Viewed from this perspective, the real question is: are white American males, even in the Democratic Party, ready for a change that will put either a woman or an American of African origin in the White House?
 
On the strength of the fund-raising activities so far, in what promises to be the first billion-dollar election in history, it would seem that the moneybags are quite happy with the prospect; so why shouldn't the rest be?
 
But Barack Obama is the only US Senator of (half) African origin just now, and one of only three to have been popularly elected so far.
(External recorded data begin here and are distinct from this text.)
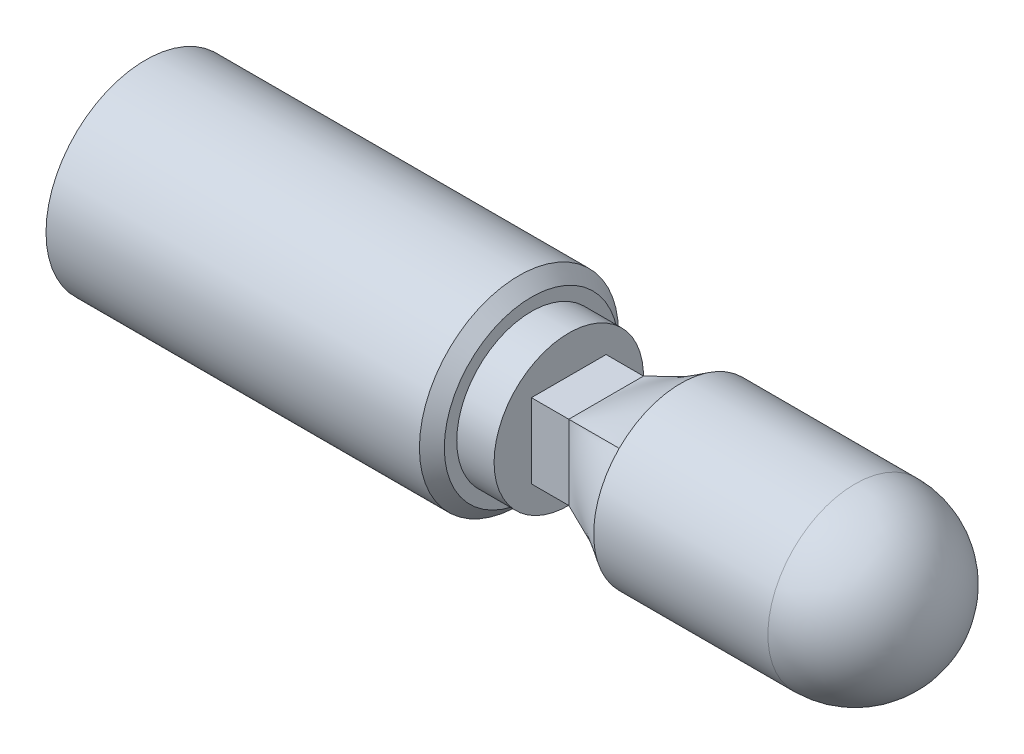
ISO-10303-21;
HEADER;
FILE_DESCRIPTION(('STEP AP214'),'2;1');
FILE_NAME('part.step','',(''),(''),'','','');
FILE_SCHEMA(('AUTOMOTIVE_DESIGN { 1 0 10303 214 1 1 1 1 }'));
ENDSEC;
DATA;
#1=APPLICATION_CONTEXT('core data for automotive mechanical design processes');
#2=APPLICATION_PROTOCOL_DEFINITION('international standard','automotive_design',2000,#1);
#3=PRODUCT_CONTEXT('',#1,'mechanical');
#4=PRODUCT('Part','Part','',(#3));
#5=PRODUCT_RELATED_PRODUCT_CATEGORY('part','',(#4));
#6=PRODUCT_DEFINITION_FORMATION('','',#4);
#7=PRODUCT_DEFINITION_CONTEXT('part definition',#1,'design');
#8=PRODUCT_DEFINITION('design','',#6,#7);
#9=PRODUCT_DEFINITION_SHAPE('','',#8);
#10=(LENGTH_UNIT() NAMED_UNIT(*) SI_UNIT(.MILLI.,.METRE.));
#11=(NAMED_UNIT(*) PLANE_ANGLE_UNIT() SI_UNIT($,.RADIAN.));
#12=(NAMED_UNIT(*) SI_UNIT($,.STERADIAN.) SOLID_ANGLE_UNIT());
#13=UNCERTAINTY_MEASURE_WITH_UNIT(LENGTH_MEASURE(1.E-05),#10,'distance_accuracy_value','');
#14=(GEOMETRIC_REPRESENTATION_CONTEXT(3) GLOBAL_UNCERTAINTY_ASSIGNED_CONTEXT((#13)) GLOBAL_UNIT_ASSIGNED_CONTEXT((#10,
#11,#12)) REPRESENTATION_CONTEXT('',''));
#15=CARTESIAN_POINT('',(0.,0.,0.));
#16=DIRECTION('',(0.,0.,1.));
#17=DIRECTION('',(1.,0.,0.));
#18=AXIS2_PLACEMENT_3D('',#15,#16,#17);
#19=CARTESIAN_POINT('',(34.,0.,0.));
#20=DIRECTION('',(-1.,0.,0.));
#21=DIRECTION('',(0.,0.,1.));
#22=AXIS2_PLACEMENT_3D('',#19,#20,#21);
#23=PLANE('',#22);
#24=CARTESIAN_POINT('',(34.,0.,0.));
#25=DIRECTION('',(-1.,0.,0.));
#26=DIRECTION('',(0.,0.,1.));
#27=AXIS2_PLACEMENT_3D('',#24,#25,#26);
#28=CIRCLE('',#27,6.);
#29=CARTESIAN_POINT('',(34.,0.,6.));
#30=VERTEX_POINT('',#29);
#31=EDGE_CURVE('E119',#30,#30,#28,.T.);
#32=ORIENTED_EDGE('',*,*,#31,.F.);
#33=EDGE_LOOP('',(#32));
#34=FACE_BOUND('',#33,.T.);
#35=DIRECTION('',(0.,1.,0.));
#36=VECTOR('',#35,1.);
#37=CARTESIAN_POINT('',(34.,-3.,-3.));
#38=LINE('',#37,#36);
#39=CARTESIAN_POINT('',(34.,-3.,-3.));
#40=VERTEX_POINT('',#39);
#41=CARTESIAN_POINT('',(34.,3.,-3.));
#42=VERTEX_POINT('',#41);
#43=EDGE_CURVE('E84',#40,#42,#38,.T.);
#44=ORIENTED_EDGE('',*,*,#43,.F.);
#45=DIRECTION('',(0.,0.,-1.));
#46=VECTOR('',#45,1.);
#47=CARTESIAN_POINT('',(34.,-3.,3.));
#48=LINE('',#47,#46);
#49=CARTESIAN_POINT('',(34.,-3.,3.));
#50=VERTEX_POINT('',#49);
#51=EDGE_CURVE('E138',#50,#40,#48,.T.);
#52=ORIENTED_EDGE('',*,*,#51,.F.);
#53=DIRECTION('',(0.,-1.,0.));
#54=VECTOR('',#53,1.);
#55=CARTESIAN_POINT('',(34.,-3.,3.));
#56=LINE('',#55,#54);
#57=CARTESIAN_POINT('',(34.,3.,3.));
#58=VERTEX_POINT('',#57);
#59=EDGE_CURVE('E108',#58,#50,#56,.T.);
#60=ORIENTED_EDGE('',*,*,#59,.F.);
#61=DIRECTION('',(0.,0.,1.));
#62=VECTOR('',#61,1.);
#63=CARTESIAN_POINT('',(34.,3.,3.));
#64=LINE('',#63,#62);
#65=EDGE_CURVE('E112',#42,#58,#64,.T.);
#66=ORIENTED_EDGE('',*,*,#65,.F.);
#67=EDGE_LOOP('',(#44,#52,#60,#66));
#68=FACE_BOUND('',#67,.T.);
#69=ADVANCED_FACE('F66',(#34,#68),#23,.F.);
#70=CARTESIAN_POINT('',(0.,0.,0.));
#71=DIRECTION('',(1.,0.,0.));
#72=DIRECTION('',(0.,0.,-1.));
#73=AXIS2_PLACEMENT_3D('',#70,#71,#72);
#74=PLANE('',#73);
#75=CARTESIAN_POINT('',(0.,0.,0.));
#76=DIRECTION('',(-1.,0.,0.));
#77=DIRECTION('',(0.,0.,1.));
#78=AXIS2_PLACEMENT_3D('',#75,#76,#77);
#79=CIRCLE('',#78,1.6);
#80=CARTESIAN_POINT('',(0.,0.,1.6));
#81=VERTEX_POINT('',#80);
#82=EDGE_CURVE('E464',#81,#81,#79,.T.);
#83=ORIENTED_EDGE('',*,*,#82,.F.);
#84=EDGE_LOOP('',(#83));
#85=FACE_BOUND('',#84,.T.);
#86=CARTESIAN_POINT('',(0.,0.,0.));
#87=DIRECTION('',(-1.,0.,0.));
#88=DIRECTION('',(0.,0.,1.));
#89=AXIS2_PLACEMENT_3D('',#86,#87,#88);
#90=CIRCLE('',#89,8.);
#91=CARTESIAN_POINT('',(0.,0.,8.));
#92=VERTEX_POINT('',#91);
#93=EDGE_CURVE('E146',#92,#92,#90,.T.);
#94=ORIENTED_EDGE('',*,*,#93,.T.);
#95=EDGE_LOOP('',(#94));
#96=FACE_BOUND('',#95,.T.);
#97=ADVANCED_FACE('F202',(#85,#96),#74,.F.);
#98=CARTESIAN_POINT('',(0.,0.,0.));
#99=DIRECTION('',(-1.,0.,0.));
#100=DIRECTION('',(0.,0.,1.));
#101=AXIS2_PLACEMENT_3D('',#98,#99,#100);
#102=CYLINDRICAL_SURFACE('',#101,8.);
#103=CARTESIAN_POINT('',(30.,0.,0.));
#104=DIRECTION('',(-1.,0.,0.));
#105=DIRECTION('',(0.,0.,1.));
#106=AXIS2_PLACEMENT_3D('',#103,#104,#105);
#107=CIRCLE('',#106,8.);
#108=CARTESIAN_POINT('',(30.,0.,8.));
#109=VERTEX_POINT('',#108);
#110=EDGE_CURVE('E76',#109,#109,#107,.T.);
#111=ORIENTED_EDGE('',*,*,#110,.T.);
#112=EDGE_LOOP('',(#111));
#113=FACE_BOUND('',#112,.T.);
#114=ORIENTED_EDGE('',*,*,#93,.F.);
#115=EDGE_LOOP('',(#114));
#116=FACE_BOUND('',#115,.T.);
#117=ADVANCED_FACE('F188',(#113,#116),#102,.T.);
#118=CARTESIAN_POINT('',(31.,8.,0.));
#119=DIRECTION('',(-1.,0.,0.));
#120=DIRECTION('',(0.,0.,1.));
#121=AXIS2_PLACEMENT_3D('',#118,#119,#120);
#122=PLANE('',#121);
#123=CARTESIAN_POINT('',(31.,0.,0.));
#124=DIRECTION('',(-1.,0.,0.));
#125=DIRECTION('',(0.,0.,1.));
#126=AXIS2_PLACEMENT_3D('',#123,#124,#125);
#127=CIRCLE('',#126,7.);
#128=CARTESIAN_POINT('',(31.,0.,7.));
#129=VERTEX_POINT('',#128);
#130=EDGE_CURVE('E12',#129,#129,#127,.F.);
#131=ORIENTED_EDGE('',*,*,#130,.T.);
#132=EDGE_LOOP('',(#131));
#133=FACE_BOUND('',#132,.T.);
#134=CARTESIAN_POINT('',(31.,0.,0.));
#135=DIRECTION('',(-1.,0.,0.));
#136=DIRECTION('',(0.,0.,1.));
#137=AXIS2_PLACEMENT_3D('',#134,#135,#136);
#138=CIRCLE('',#137,6.);
#139=CARTESIAN_POINT('',(31.,0.,6.));
#140=VERTEX_POINT('',#139);
#141=EDGE_CURVE('E143',#140,#140,#138,.T.);
#142=ORIENTED_EDGE('',*,*,#141,.T.);
#143=EDGE_LOOP('',(#142));
#144=FACE_BOUND('',#143,.T.);
#145=ADVANCED_FACE('F216',(#133,#144),#122,.F.);
#146=CARTESIAN_POINT('',(0.,0.,0.));
#147=DIRECTION('',(-1.,0.,0.));
#148=DIRECTION('',(0.,0.,1.));
#149=AXIS2_PLACEMENT_3D('',#146,#147,#148);
#150=CYLINDRICAL_SURFACE('',#149,6.);
#151=ORIENTED_EDGE('',*,*,#141,.F.);
#152=EDGE_LOOP('',(#151));
#153=FACE_BOUND('',#152,.T.);
#154=ORIENTED_EDGE('',*,*,#31,.T.);
#155=EDGE_LOOP('',(#154));
#156=FACE_BOUND('',#155,.T.);
#157=ADVANCED_FACE('F213',(#153,#156),#150,.T.);
#158=CARTESIAN_POINT('',(37.,-3.,-3.));
#159=DIRECTION('',(0.,0.,1.));
#160=DIRECTION('',(1.,0.,0.));
#161=AXIS2_PLACEMENT_3D('',#158,#159,#160);
#162=PLANE('',#161);
#163=ORIENTED_EDGE('',*,*,#43,.T.);
#164=DIRECTION('',(-1.,0.,0.));
#165=VECTOR('',#164,1.);
#166=CARTESIAN_POINT('',(37.,3.,-3.));
#167=LINE('',#166,#165);
#168=CARTESIAN_POINT('',(37.,3.,-3.));
#169=VERTEX_POINT('',#168);
#170=EDGE_CURVE('E115',#169,#42,#167,.T.);
#171=ORIENTED_EDGE('',*,*,#170,.F.);
#172=DIRECTION('',(0.,1.,0.));
#173=VECTOR('',#172,1.);
#174=CARTESIAN_POINT('',(37.,-3.,-3.));
#175=LINE('',#174,#173);
#176=CARTESIAN_POINT('',(37.,-3.,-3.));
#177=VERTEX_POINT('',#176);
#178=EDGE_CURVE('E140',#177,#169,#175,.T.);
#179=ORIENTED_EDGE('',*,*,#178,.F.);
#180=DIRECTION('',(-1.,0.,0.));
#181=VECTOR('',#180,1.);
#182=CARTESIAN_POINT('',(37.,-3.,-3.));
#183=LINE('',#182,#181);
#184=EDGE_CURVE('E125',#177,#40,#183,.T.);
#185=ORIENTED_EDGE('',*,*,#184,.T.);
#186=EDGE_LOOP('',(#163,#171,#179,#185));
#187=FACE_BOUND('',#186,.T.);
#188=ADVANCED_FACE('F123',(#187),#162,.F.);
#189=CARTESIAN_POINT('',(37.,3.,3.));
#190=DIRECTION('',(0.,-1.,0.));
#191=DIRECTION('',(0.,0.,-1.));
#192=AXIS2_PLACEMENT_3D('',#189,#190,#191);
#193=PLANE('',#192);
#194=ORIENTED_EDGE('',*,*,#65,.T.);
#195=DIRECTION('',(-1.,0.,0.));
#196=VECTOR('',#195,1.);
#197=CARTESIAN_POINT('',(37.,3.,3.));
#198=LINE('',#197,#196);
#199=CARTESIAN_POINT('',(37.,3.,3.));
#200=VERTEX_POINT('',#199);
#201=EDGE_CURVE('E120',#200,#58,#198,.T.);
#202=ORIENTED_EDGE('',*,*,#201,.F.);
#203=DIRECTION('',(0.,0.,-1.));
#204=VECTOR('',#203,1.);
#205=CARTESIAN_POINT('',(37.,3.,3.));
#206=LINE('',#205,#204);
#207=EDGE_CURVE('E103',#169,#200,#206,.F.);
#208=ORIENTED_EDGE('',*,*,#207,.F.);
#209=ORIENTED_EDGE('',*,*,#170,.T.);
#210=EDGE_LOOP('',(#194,#202,#208,#209));
#211=FACE_BOUND('',#210,.T.);
#212=ADVANCED_FACE('F116',(#211),#193,.F.);
#213=CARTESIAN_POINT('',(37.,-3.,3.));
#214=DIRECTION('',(0.,0.,-1.));
#215=DIRECTION('',(-1.,0.,0.));
#216=AXIS2_PLACEMENT_3D('',#213,#214,#215);
#217=PLANE('',#216);
#218=ORIENTED_EDGE('',*,*,#59,.T.);
#219=DIRECTION('',(-1.,0.,0.));
#220=VECTOR('',#219,1.);
#221=CARTESIAN_POINT('',(37.,-3.,3.));
#222=LINE('',#221,#220);
#223=CARTESIAN_POINT('',(37.,-3.,3.));
#224=VERTEX_POINT('',#223);
#225=EDGE_CURVE('E150',#224,#50,#222,.T.);
#226=ORIENTED_EDGE('',*,*,#225,.F.);
#227=DIRECTION('',(0.,1.,0.));
#228=VECTOR('',#227,1.);
#229=CARTESIAN_POINT('',(37.,-3.,3.));
#230=LINE('',#229,#228);
#231=EDGE_CURVE('E158',#200,#224,#230,.F.);
#232=ORIENTED_EDGE('',*,*,#231,.F.);
#233=ORIENTED_EDGE('',*,*,#201,.T.);
#234=EDGE_LOOP('',(#218,#226,#232,#233));
#235=FACE_BOUND('',#234,.T.);
#236=ADVANCED_FACE('F246',(#235),#217,.F.);
#237=CARTESIAN_POINT('',(37.,-3.,3.));
#238=DIRECTION('',(0.,1.,0.));
#239=DIRECTION('',(0.,0.,1.));
#240=AXIS2_PLACEMENT_3D('',#237,#238,#239);
#241=PLANE('',#240);
#242=ORIENTED_EDGE('',*,*,#51,.T.);
#243=ORIENTED_EDGE('',*,*,#184,.F.);
#244=DIRECTION('',(0.,0.,1.));
#245=VECTOR('',#244,1.);
#246=CARTESIAN_POINT('',(37.,-3.,3.));
#247=LINE('',#246,#245);
#248=EDGE_CURVE('E151',#224,#177,#247,.F.);
#249=ORIENTED_EDGE('',*,*,#248,.F.);
#250=ORIENTED_EDGE('',*,*,#225,.T.);
#251=EDGE_LOOP('',(#242,#243,#249,#250));
#252=FACE_BOUND('',#251,.T.);
#253=ADVANCED_FACE('F252',(#252),#241,.F.);
#254=CARTESIAN_POINT('',(43.,4.94974746830583,-4.94974746830583));
#255=CARTESIAN_POINT('',(37.,3.,-3.));
#256=CARTESIAN_POINT('',(43.,4.65808080163917,-5.2414141349725));
#257=CARTESIAN_POINT('',(37.,2.75,-3.));
#258=CARTESIAN_POINT('',(43.,4.32957833687793,-5.51805960745283));
#259=CARTESIAN_POINT('',(37.,2.5,-3.));
#260=CARTESIAN_POINT('',(43.,3.60330586290059,-6.01750922433454));
#261=CARTESIAN_POINT('',(37.,2.,-3.));
#262=CARTESIAN_POINT('',(43.,3.20549876475148,-6.240151659734));
#263=CARTESIAN_POINT('',(37.,1.75,-3.));
#264=CARTESIAN_POINT('',(43.,2.35498410023551,-6.60823463225559));
#265=CARTESIAN_POINT('',(37.,1.25,-3.));
#266=CARTESIAN_POINT('',(43.,1.9023431213879,-6.75349475440457));
#267=CARTESIAN_POINT('',(37.,1.,-3.));
#268=CARTESIAN_POINT('',(43.,0.966389520987096,-6.9494382537719));
#269=CARTESIAN_POINT('',(37.,0.499999999999999,-3.));
#270=CARTESIAN_POINT('',(43.,0.483249156101944,-7.));
#271=CARTESIAN_POINT('',(37.,0.249999999999999,-3.));
#272=CARTESIAN_POINT('',(43.,-0.483249156101945,-7.));
#273=CARTESIAN_POINT('',(37.,-0.250000000000001,-3.));
#274=CARTESIAN_POINT('',(43.,-0.966389520987098,-6.9494382537719));
#275=CARTESIAN_POINT('',(37.,-0.500000000000001,-3.));
#276=CARTESIAN_POINT('',(43.,-1.9023431213879,-6.75349475440457));
#277=CARTESIAN_POINT('',(37.,-1.,-3.));
#278=CARTESIAN_POINT('',(43.,-2.35498410023551,-6.60823463225559));
#279=CARTESIAN_POINT('',(37.,-1.25,-3.));
#280=CARTESIAN_POINT('',(43.,-3.20549876475148,-6.240151659734));
#281=CARTESIAN_POINT('',(37.,-1.75,-3.));
#282=CARTESIAN_POINT('',(43.,-3.6033058629006,-6.01750922433455));
#283=CARTESIAN_POINT('',(37.,-2.,-3.));
#284=CARTESIAN_POINT('',(43.,-4.32957833687792,-5.51805960745283));
#285=CARTESIAN_POINT('',(37.,-2.5,-3.));
#286=CARTESIAN_POINT('',(43.,-4.65808080163917,-5.2414141349725));
#287=CARTESIAN_POINT('',(37.,-2.75,-3.));
#288=CARTESIAN_POINT('',(43.,-4.94974746830583,-4.94974746830583));
#289=CARTESIAN_POINT('',(37.,-3.,-3.));
#290=B_SPLINE_SURFACE_WITH_KNOTS('',3,1,((#254,#255),(#256,#257),(#258,#259),(#260,#261),(#262,
#263),(#264,#265),(#266,#267),(#268,#269),(#270,#271),(#272,#273),(#274,#275),(#276,#277),(#278,
#279),(#280,#281),(#282,#283),(#284,#285),(#286,#287),(#288,#289)),.UNSPECIFIED.,.F.,.F.,.F.,(4,
2,2,2,2,2,2,2,4),(2,2),(0.,0.125,0.25,0.375,0.5,0.625,0.75,0.875,1.),(0.,1.),.UNSPECIFIED.);
#291=CARTESIAN_POINT('',(43.,0.,0.));
#292=DIRECTION('',(1.,0.,0.));
#293=DIRECTION('',(0.,0.,-1.));
#294=AXIS2_PLACEMENT_3D('',#291,#292,#293);
#295=CIRCLE('',#294,7.);
#296=CARTESIAN_POINT('',(43.,-4.94974746830583,-4.94974746830583));
#297=VERTEX_POINT('',#296);
#298=CARTESIAN_POINT('',(43.,4.94974746830583,-4.94974746830583));
#299=VERTEX_POINT('',#298);
#300=EDGE_CURVE('E184',#297,#299,#295,.T.);
#301=DIRECTION('',(-0.90864222257543,0.295270478843705,0.295270478843705));
#302=VECTOR('',#301,1.);
#303=CARTESIAN_POINT('',(40.,-3.97487373415292,-3.97487373415292));
#304=LINE('',#303,#302);
#305=EDGE_CURVE('E392',#297,#177,#304,.T.);
#306=DIRECTION('',(0.90864222257543,0.295270478843705,-0.295270478843705));
#307=VECTOR('',#306,1.);
#308=CARTESIAN_POINT('',(40.,3.97487373415292,-3.97487373415292));
#309=LINE('',#308,#307);
#310=EDGE_CURVE('E183',#169,#299,#309,.T.);
#311=ORIENTED_EDGE('',*,*,#300,.F.);
#312=ORIENTED_EDGE('',*,*,#305,.T.);
#313=ORIENTED_EDGE('',*,*,#178,.T.);
#314=ORIENTED_EDGE('',*,*,#310,.T.);
#315=EDGE_LOOP('',(#311,#312,#313,#314));
#316=FACE_BOUND('',#315,.T.);
#317=ADVANCED_FACE('F260',(#316),#290,.T.);
#318=CARTESIAN_POINT('',(43.,-4.94974746830583,-4.94974746830583));
#319=CARTESIAN_POINT('',(37.,-3.,-3.));
#320=CARTESIAN_POINT('',(43.,-5.2414141349725,-4.65808080163917));
#321=CARTESIAN_POINT('',(37.,-3.,-2.75));
#322=CARTESIAN_POINT('',(43.,-5.51805960745283,-4.32957833687792));
#323=CARTESIAN_POINT('',(37.,-3.,-2.5));
#324=CARTESIAN_POINT('',(43.,-6.01750922433454,-3.60330586290059));
#325=CARTESIAN_POINT('',(37.,-3.,-2.));
#326=CARTESIAN_POINT('',(43.,-6.240151659734,-3.20549876475148));
#327=CARTESIAN_POINT('',(37.,-3.,-1.75));
#328=CARTESIAN_POINT('',(43.,-6.60823463225559,-2.35498410023551));
#329=CARTESIAN_POINT('',(37.,-3.,-1.25));
#330=CARTESIAN_POINT('',(43.,-6.75349475440457,-1.9023431213879));
#331=CARTESIAN_POINT('',(37.,-3.,-0.999999999999999));
#332=CARTESIAN_POINT('',(43.,-6.9494382537719,-0.966389520987095));
#333=CARTESIAN_POINT('',(37.,-3.,-0.499999999999999));
#334=CARTESIAN_POINT('',(43.,-7.,-0.483249156101943));
#335=CARTESIAN_POINT('',(37.,-3.,-0.249999999999998));
#336=CARTESIAN_POINT('',(43.,-7.,0.483249156101946));
#337=CARTESIAN_POINT('',(37.,-3.,0.250000000000002));
#338=CARTESIAN_POINT('',(43.,-6.9494382537719,0.966389520987099));
#339=CARTESIAN_POINT('',(37.,-3.,0.500000000000002));
#340=CARTESIAN_POINT('',(43.,-6.75349475440457,1.9023431213879));
#341=CARTESIAN_POINT('',(37.,-3.,1.));
#342=CARTESIAN_POINT('',(43.,-6.60823463225559,2.35498410023551));
#343=CARTESIAN_POINT('',(37.,-3.,1.25));
#344=CARTESIAN_POINT('',(43.,-6.240151659734,3.20549876475148));
#345=CARTESIAN_POINT('',(37.,-3.,1.75));
#346=CARTESIAN_POINT('',(43.,-6.01750922433455,3.6033058629006));
#347=CARTESIAN_POINT('',(37.,-3.,2.));
#348=CARTESIAN_POINT('',(43.,-5.51805960745283,4.32957833687792));
#349=CARTESIAN_POINT('',(37.,-3.,2.5));
#350=CARTESIAN_POINT('',(43.,-5.2414141349725,4.65808080163917));
#351=CARTESIAN_POINT('',(37.,-3.,2.75));
#352=CARTESIAN_POINT('',(43.,-4.94974746830583,4.94974746830583));
#353=CARTESIAN_POINT('',(37.,-3.,3.));
#354=B_SPLINE_SURFACE_WITH_KNOTS('',3,1,((#318,#319),(#320,#321),(#322,#323),(#324,#325),(#326,
#327),(#328,#329),(#330,#331),(#332,#333),(#334,#335),(#336,#337),(#338,#339),(#340,#341),(#342,
#343),(#344,#345),(#346,#347),(#348,#349),(#350,#351),(#352,#353)),.UNSPECIFIED.,.F.,.F.,.F.,(4,
2,2,2,2,2,2,2,4),(2,2),(0.,0.125,0.25,0.375,0.5,0.625,0.75,0.875,1.),(0.,1.),.UNSPECIFIED.);
#355=CARTESIAN_POINT('',(43.,-4.94974746830583,4.94974746830583));
#356=VERTEX_POINT('',#355);
#357=EDGE_CURVE('E181',#356,#297,#295,.T.);
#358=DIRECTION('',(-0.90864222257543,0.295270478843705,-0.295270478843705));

The women's count is better "" 16 Senators today, of which 12 are Democrats.
 
If those numbers are any indication, a woman stands a much better chance of being accepted than a Black, except that Clinton has come a poor third in the Iowa primary and has to deal perennially with questions concerning her candour, her real beliefs and policy preferences, and the degree of hostility that she arouses.
 
Obama, interestingly, has Hussein as his middle name, though that does not seem to have made a difference in Iowa. But for his skin colour and name, he is about as conventional as any American one gets, including encounters with alcohol, marijuana and cocaine, apparently to find out who he was.
 
He has been to Columbia and Harvard Law School and worked at a variety of jobs before his election as a Senator in 2004. He wants to end the Iraq War, increase energy independence, and provide universal health care "" all of which should make him very electable.
 
Still, atavistic prejudices tend not to show up till the moment of reckoning, when the button on the ballot box has to be pressed. So, one should not rule out John Edwards, who came second in Iowa, marginally ahead of Clinton.
 
Meanwhile, the Republicans in Iowa have plumped for Mike Huckabee, who describes himself as the only candidate in the field who is not a "wholly-owned subsidiary of Wall Street".
 
He has raised little money so far, runs a chaotic campaign, and gets by with his appeal to evangelical Christians (he is a former preacher) and by preaching a folksy populism that sometimes sounds positively liberal on economic issues.
 
If you are talking of change, that is certainly a huge change from George W Bush's presidency. But Huckabee, who is a successor to Bill Clinton as governor of Arkansas, and who comes from a very humble background, has his own share of Whitewater-type issues: the destruction of 83 office computers, done (it is alleged) to hide trails of forbidden activity.
 
He has also a strong record of pardoning criminals, including in one case someone who was set free and who promptly went out and committed violent crime again.
 
The pundits are already saying that his win in Iowa does not mean he will make it to the White House, but then the pundits had said that Clinton and Mitt Romney were the people to beat. One Iowa primary has changed all that.